Похожий на седоголового пиренейского орла, который столько лет, вцепившись кривыми когтями в мексиканские кактусы, горько глядел через океан на отобранную у него Испанию, Рафаэль Альберти сказал:
— Это не просто пахнет фашизмом. Это воняет им.
— Мое обоняние солидаризируется, — с мягкой твердостью сказал напоминающий провинциального учителя шведский актер.
— Шокинг, — с негодованием добропорядочной домохозяйки встряхнула кудельками американская сексуальная писательница Эрика Ионг.
— Это не просто дерьмо… Это опасное дерьмо, потому что его будут есть и плакать, — сказал я.
Глаза представителя администрации засуетились, задребезжали, как две тревожные черные кнопки дверных звонков. Одна половина лица поехала куда-то вправо, другая — влево. Нос перемещался справа налево и наоборот.
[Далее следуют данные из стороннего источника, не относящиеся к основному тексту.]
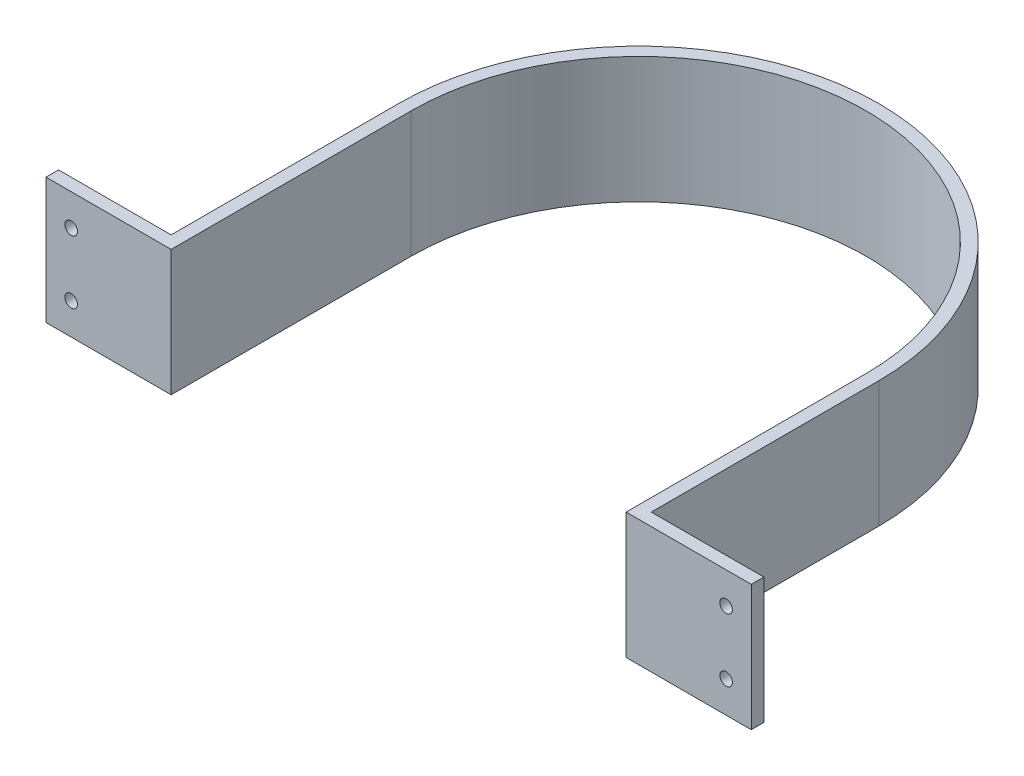
from build123d import *

# Parameters (mm, degrees)
BOSS_EXTRUDE1_DEPTH = 31.75
SKETCH3_R           = 3.175
CUT_EXTRUDE2_DEPTH  = 6.35


with BuildPart() as part:
    # Sketch1 → Boss-Extrude1 (new, symmetric)
    with BuildSketch(Plane(origin=(0, 0, 0), x_dir=(1, 0, 0), z_dir=(0, 1, 0))):
        with BuildLine():
            Line((-114.7, -121.05), (-114.7, 0))
            ThreePointArc((-114.7, 0), (0, 114.7), (114.7, 0))
            Line((114.7, 0), (114.7, -121.05))
            Line((114.7, -121.05), (177.8, -121.05))
            Line((177.8, -121.05), (177.8, -114.7))
            Line((177.8, -114.7), (121.05, -114.7))
            Line((121.05, -114.7), (121.05, 0))
            ThreePointArc((121.05, 0), (0, 121.05), (-121.05, 0))
            Line((-121.05, 0), (-121.05, -12.7))
            Line((-121.05, -12.7), (-121.05, -114.7))
            Line((-121.05, -114.7), (-177.8, -114.7))
            Line((-177.8, -114.7), (-177.8, -121.05))
            Line((-177.8, -121.05), (-114.7, -121.05))
        make_face()
    extrude(amount=BOSS_EXTRUDE1_DEPTH, both=True)

    # Sketch3 → Cut-Extrude2 (cut)
    with BuildSketch(Plane.XY.offset(121.05)):
        with Locations((-165.1, 15.875)):
            Circle(SKETCH3_R)
        with Locations((-165.1, -15.875)):
            Circle(SKETCH3_R)
        with Locations((165.1, -15.875)):
            Circle(SKETCH3_R)
        with Locations((165.1, 15.875)):
            Circle(SKETCH3_R)
    extrude(amount=-CUT_EXTRUDE2_DEPTH, mode=Mode.SUBTRACT)


solid = part.part
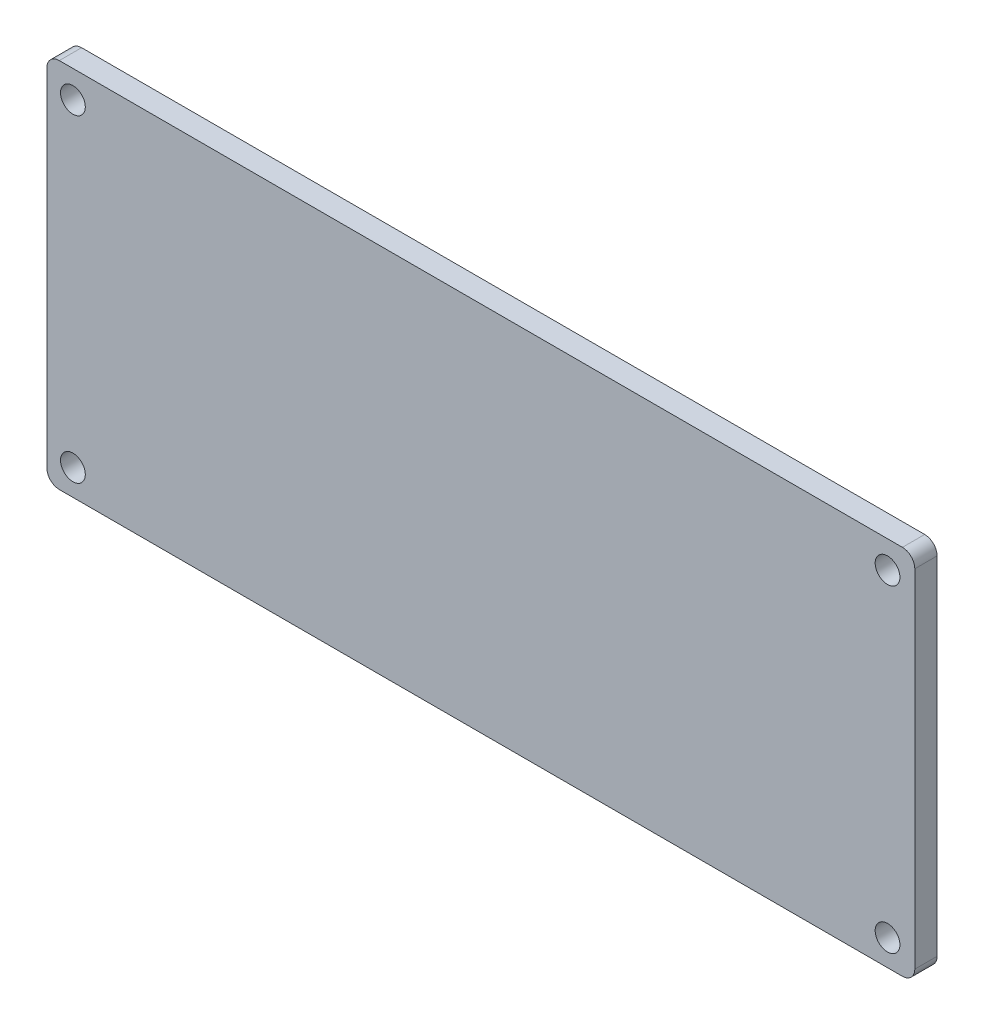
from build123d import *

# Parameters (mm, degrees)
SKETCH_1_W          = 70.08
SKETCH_1_H          = 30
EXTRUDE_1_DEPTH     = 1.8
FILLET_1_R          = 1
SKETCH_2_R          = 1
CUT_EXTRUDE_1_DEPTH = 1.8


with BuildPart() as part:
    # 草圖1 → 填料-伸長1 (new body)
    with BuildSketch(Plane.XY):
        with Locations((0.612329394, 8.056073211)):
            Rectangle(SKETCH_1_W, SKETCH_1_H)
    extrude(amount=EXTRUDE_1_DEPTH)

    # 圓角1
    fillet_1_edges = [part.edges().sort_by_distance(p)[0] for p in [
        (-34.427670606, 23.056073211, 0.9),
        (35.652329394, 23.056073211, 0.9),
        (35.652329394, -6.943926789, 0.9),
        (-34.427670606, -6.943926789, 0.9),
    ]]
    fillet(fillet_1_edges, radius=FILLET_1_R)

    # 草圖2 → 除料-伸長1 (cut)
    with BuildSketch(Plane.XY.offset(1.8)):
        with Locations((-32.327670606, 20.856073211)):
            Circle(SKETCH_2_R)
        with Locations((-32.327670606, -4.843926789)):
            Circle(SKETCH_2_R)
        with Locations((33.452329394, -4.843926789)):
            Circle(SKETCH_2_R)
        with Locations((33.452329394, 20.856073211)):
            Circle(SKETCH_2_R)
    extrude(amount=-CUT_EXTRUDE_1_DEPTH, mode=Mode.SUBTRACT)


solid = part.part
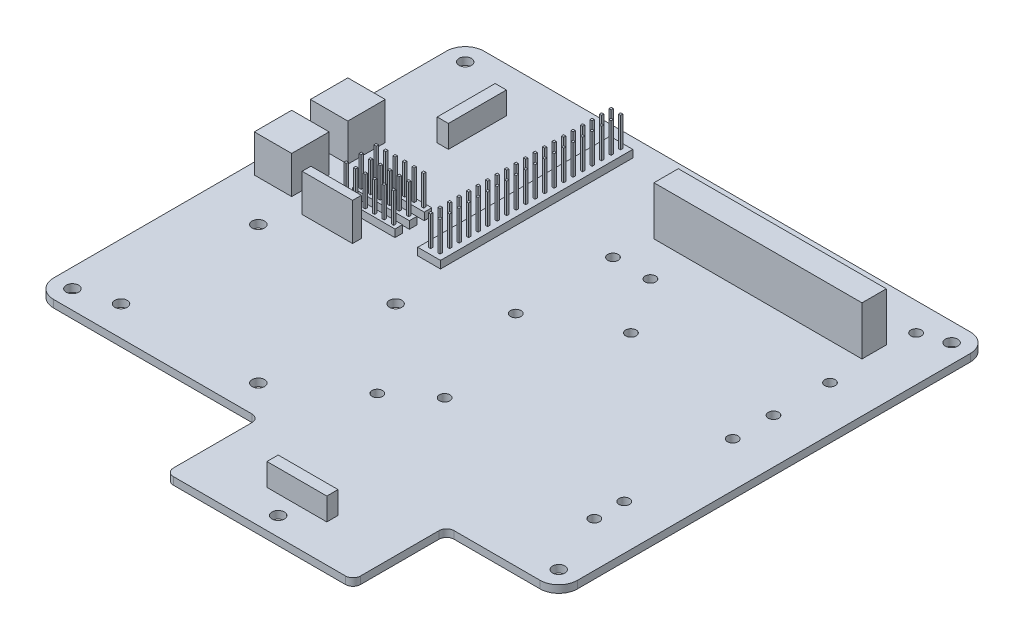
from build123d import *

# Parameters (mm, degrees)
SKETCH2_W            = 140
SKETCH2_H            = 115
BOSS_EXTRUDE1_DEPTH  = 2
SKETCH7_R            = 1.4
CUT_EXTRUDE1_DEPTH   = 10
SKETCH9_W            = 50
SKETCH9_H            = 25
BOSS_EXTRUDE2_DEPTH  = 2
SKETCH11_R           = 1.4
CUT_EXTRUDE2_DEPTH   = 124.810338825
SKETCH12_W           = 55.6
SKETCH12_H           = 6.5
BOSS_EXTRUDE3_DEPTH  = 13
SKETCH17_W           = 0.6
SKETCH17_H           = 0.6
BOSS_EXTRUDE7_DEPTH  = 10
LPATTERN1_COUNT      = 20
LPATTERN1_PITCH      = 2.54
LPATTERN1_COUNT_DIR2 = 2
LPATTERN1_PITCH_DIR2 = 2.54
SKETCH20_R           = 1.65
CUT_EXTRUDE5_DEPTH   = 125.474897068
SKETCH21_W           = 13.478976636
SKETCH21_H           = 2.344169849
BOSS_EXTRUDE9_DEPTH  = 10
SKETCH22_W           = 6.085513756
SKETCH22_H           = 51.38775216
BOSS_EXTRUDE10_DEPTH = 2
SKETCH23_R           = 1.65
CUT_EXTRUDE6_DEPTH   = 2
FILLET1_R            = 5
FILLET2_R            = 2
SKETCH24_W           = 10
SKETCH24_H           = 10
BOSS_EXTRUDE11_DEPTH = 10
SKETCH25_W           = 3
SKETCH25_H           = 15.5
SKETCH25_W_2         = 16
SKETCH25_H_2         = 3
BOSS_EXTRUDE12_DEPTH = 6
SKETCH26_W           = 0.6
SKETCH26_H           = 0.6
BOSS_EXTRUDE13_DEPTH = 10
LPATTERN2_COUNT      = 6
LPATTERN2_PITCH      = 2.54
LPATTERN2_COUNT_DIR2 = 3
LPATTERN2_PITCH_DIR2 = 4
SKETCH27_W           = 15.245940943
SKETCH27_H           = 2
BOSS_EXTRUDE14_DEPTH = 2
LPATTERN3_COUNT      = 2
LPATTERN3_PITCH      = 15


with BuildPart() as part:
    # Sketch2 → Boss-Extrude1 (new body)
    with BuildSketch(Plane(origin=(0, 0, 0), x_dir=(1, 0, 0), z_dir=(0, 1, 0))):
        with Locations((-15, -7.5)):
            Rectangle(SKETCH2_W, SKETCH2_H)
    extrude(amount=BOSS_EXTRUDE1_DEPTH)

    # Sketch7 → Cut-Extrude1 (cut)
    with BuildSketch(Plane(origin=(0, 2, 0), x_dir=(1, 0, 0), z_dir=(0, 1, 0))):
        with Locations(Location((-15, 42.5, 0), (0, 0, 270))):
            Circle(SKETCH7_R)
        with Locations(Location((43, 42.5, 0), (0, 0, 270))):
            Circle(SKETCH7_R)
        with Locations(Location((-15, -6.5, 0), (0, 0, 270))):
            Circle(SKETCH7_R)
        with Locations(Location((43, -6.5, 0), (0, 0, 270))):
            Circle(SKETCH7_R)
        with Locations(Location((-15, 19.5, 0), (0, 0, 270))):
            Circle(SKETCH7_R)
        with Locations(Location((43, 19.5, 0), (0, 0, 270))):
            Circle(SKETCH7_R)
        with Locations(Location((-15, -43.5, 0), (0, 0, 270))):
            Circle(SKETCH7_R)
        with Locations(Location((43, -43.5, 0), (0, 0, 270))):
            Circle(SKETCH7_R)
    extrude(amount=-CUT_EXTRUDE1_DEPTH, mode=Mode.SUBTRACT)

    # Sketch9 → Boss-Extrude2 (add)
    with BuildSketch(Plane(origin=(0, 2, 0), x_dir=(1, 0, 0), z_dir=(0, 1, 0))):
        with Locations((0, -77.5)):
            Rectangle(SKETCH9_W, SKETCH9_H)
    extrude(amount=-BOSS_EXTRUDE2_DEPTH)

    # Sketch11 → Cut-Extrude2 (cut, through all)
    with BuildSketch(Plane(origin=(0, 2, 0), x_dir=(1, 0, 0), z_dir=(0, 1, 0))):
        with Locations(Location((-5, 19.5, 0), (0, 0, 270))):
            Circle(SKETCH11_R)
        with Locations(Location((4.9, 42.5, 0), (0, 0, 270))):
            Circle(SKETCH11_R)
        with Locations(Location((4.9, 4.4, 0), (0, 0, 270))):
            Circle(SKETCH11_R)
        with Locations(Location((-5, -35.5, 0), (0, 0, 270))):
            Circle(SKETCH11_R)
        with Locations(Location((43, -35.5, 0), (0, 0, 270))):
            Circle(SKETCH11_R)
        with Locations(Location((43, 4.4, 0), (0, 0, 270))):
            Circle(SKETCH11_R)
    extrude(amount=-CUT_EXTRUDE2_DEPTH, mode=Mode.SUBTRACT)

    # Sketch12 → Boss-Extrude3 (add)
    with BuildSketch(Plane(origin=(0, 2, 0), x_dir=(1, 0, 0), z_dir=(0, 1, 0))):
        with Locations((14, 32.5)):
            Rectangle(SKETCH12_W, SKETCH12_H)
    extrude(amount=BOSS_EXTRUDE3_DEPTH)

    # Sketch17 → Boss-Extrude7 (add)
    with BuildSketch(Plane(origin=(0, 2, 0), x_dir=(1, 0, 0), z_dir=(0, 1, 0))):
        with Locations((-39.7, 43.7)):
            Rectangle(SKETCH17_W, SKETCH17_H)
    boss_extrude7 = extrude(amount=BOSS_EXTRUDE7_DEPTH)

    # LPattern1: Boss-Extrude7 20 × 2
    with Locations(*[(j * LPATTERN1_PITCH_DIR2, 0, i * LPATTERN1_PITCH) for i in range(LPATTERN1_COUNT) for j in range(LPATTERN1_COUNT_DIR2) if (i, j) != (0, 0)]):
        add(boss_extrude7)

    # Sketch20 → Cut-Extrude5 (cut, through all)
    with BuildSketch(Plane(origin=(0, 2, 0), x_dir=(1, 0, 0), z_dir=(0, 1, 0))):
        with Locations(Location((-70, -20.3, 0), (0, 0, 270))):
            Circle(SKETCH20_R)
        with Locations(Location((-33.3, -20.3, 0), (0, 0, 270))):
            Circle(SKETCH20_R)
        with Locations(Location((-70, -57, 0), (0, 0, 270))):
            Circle(SKETCH20_R)
        with Locations(Location((-33.3, -57, 0), (0, 0, 270))):
            Circle(SKETCH20_R)
    extrude(amount=-CUT_EXTRUDE5_DEPTH, mode=Mode.SUBTRACT)

    # Sketch21 → Boss-Extrude9 (add)
    with BuildSketch(Plane(origin=(0, 2, 0), x_dir=(1, 0, 0), z_dir=(0, 1, 0))):
        with Locations((-59.741894721, -10.943255061)):
            Rectangle(SKETCH21_W, SKETCH21_H)
    extrude(amount=BOSS_EXTRUDE9_DEPTH)

    # Sketch22 → Boss-Extrude10 (add)
    with BuildSketch(Plane(origin=(0, 2, 0), x_dir=(1, 0, 0), z_dir=(0, 1, 0))):
        with Locations((-38.397972124, 19.440743892)):
            Rectangle(SKETCH22_W, SKETCH22_H)
    extrude(amount=BOSS_EXTRUDE10_DEPTH)

    # Sketch23 → Cut-Extrude6 (cut)
    with BuildSketch(Plane(origin=(0, 2, 0), x_dir=(1, 0, 0), z_dir=(0, 1, 0))):
        with Locations(Location((-80, 45, 0), (0, 0, 270))):
            Circle(SKETCH23_R)
        with Locations(Location((50, 45, 0), (0, 0, 270))):
            Circle(SKETCH23_R)
        with Locations(Location((50, -60, 0), (0, 0, 270))):
            Circle(SKETCH23_R)
        with Locations(Location((-80, -60, 0), (0, 0, 270))):
            Circle(SKETCH23_R)
        with Locations(Location((0, -85, 0), (0, 0, 270))):
            Circle(SKETCH23_R)
    extrude(amount=-CUT_EXTRUDE6_DEPTH, mode=Mode.SUBTRACT)

    # Fillet1
    fillet1_edges = [part.edges().sort_by_distance(p)[0] for p in [
        (-85, 1, -50),
        (55, 1, -50),
        (55, 1, 65),
        (-85, 1, 65),
    ]]
    fillet(fillet1_edges, radius=FILLET1_R)

    # Fillet2
    fillet2_edges = [part.edges().sort_by_distance(p)[0] for p in [
        (-25, 1, 90),
        (-25, 1, 65),
        (25, 1, 65),
        (25, 1, 90),
    ]]
    fillet(fillet2_edges, radius=FILLET2_R)

    # Sketch24 → Boss-Extrude11 (add)
    with BuildSketch(Plane(origin=(0, 2, 0), x_dir=(1, 0, 0), z_dir=(0, 1, 0))):
        with Locations((-77, 10.616682417)):
            Rectangle(SKETCH24_W, SKETCH24_H)
    boss_extrude11 = extrude(amount=BOSS_EXTRUDE11_DEPTH)

    # Sketch25 → Boss-Extrude12 (add)
    with BuildSketch(Plane(origin=(0, 2, 0), x_dir=(1, 0, 0), z_dir=(0, 1, 0))):
        with Locations((-63.5, 30.25)):
            Rectangle(SKETCH25_W, SKETCH25_H)
        with Locations((0, -78.5)):
            Rectangle(SKETCH25_W_2, SKETCH25_H_2)
    extrude(amount=BOSS_EXTRUDE12_DEPTH)

    # Sketch26 → Boss-Extrude13 (add)
    with BuildSketch(Plane(origin=(0, 2, 0), x_dir=(1, 0, 0), z_dir=(0, 1, 0))):
        with Locations((-62.70806363, 3.8967572)):
            Rectangle(SKETCH26_W, SKETCH26_H)
    boss_extrude13 = extrude(amount=BOSS_EXTRUDE13_DEPTH)

    # LPattern2: Boss-Extrude13 6 × 3
    with Locations(*[(i * LPATTERN2_PITCH, 0, j * LPATTERN2_PITCH_DIR2) for i in range(LPATTERN2_COUNT) for j in range(LPATTERN2_COUNT_DIR2) if (i, j) != (0, 0)]):
        add(boss_extrude13)

    # Sketch27 → Boss-Extrude14 (add)
    with BuildSketch(Plane(origin=(0, 2, 0), x_dir=(1, 0, 0), z_dir=(0, 1, 0))):
        with Locations((-56.329041305, 3.754806723)):
            Rectangle(SKETCH27_W, SKETCH27_H)
        with Locations((-56.329041305, -0.225910772)):
            Rectangle(SKETCH27_W, SKETCH27_H)
        with Locations((-56.329041305, -4.075350909)):
            Rectangle(SKETCH27_W, SKETCH27_H)
    extrude(amount=BOSS_EXTRUDE14_DEPTH)

    # LPattern3: Boss-Extrude11 ×2
    with Locations(*[(0, 0, i * LPATTERN3_PITCH) for i in range(1, LPATTERN3_COUNT)]):
        add(boss_extrude11)


solid = part.part

— Моментито! Разделяю ваши чувства полностью, синьоры… Это плохой фильм… Это очень плохой фильм… Это хуже, чем плохой фильм… Это позор Италии… Но администрация в сложном положении. В первый раз у нас такое, может быть, самое прогрессивное в мире жюри. Но простите мне горькую шутку, синьоры, — прогресса можно добиваться только с помощью реакции. Нас немедленно обвинят в левом экстремизме, в «руке Москвы» — да, да, не улыбайтесь, синьор Евтушенко! На следующий год нашу левую администрацию разгонят, и в чьих руках окажется фестиваль? В руках таких людей, которые делали «Кларетгу».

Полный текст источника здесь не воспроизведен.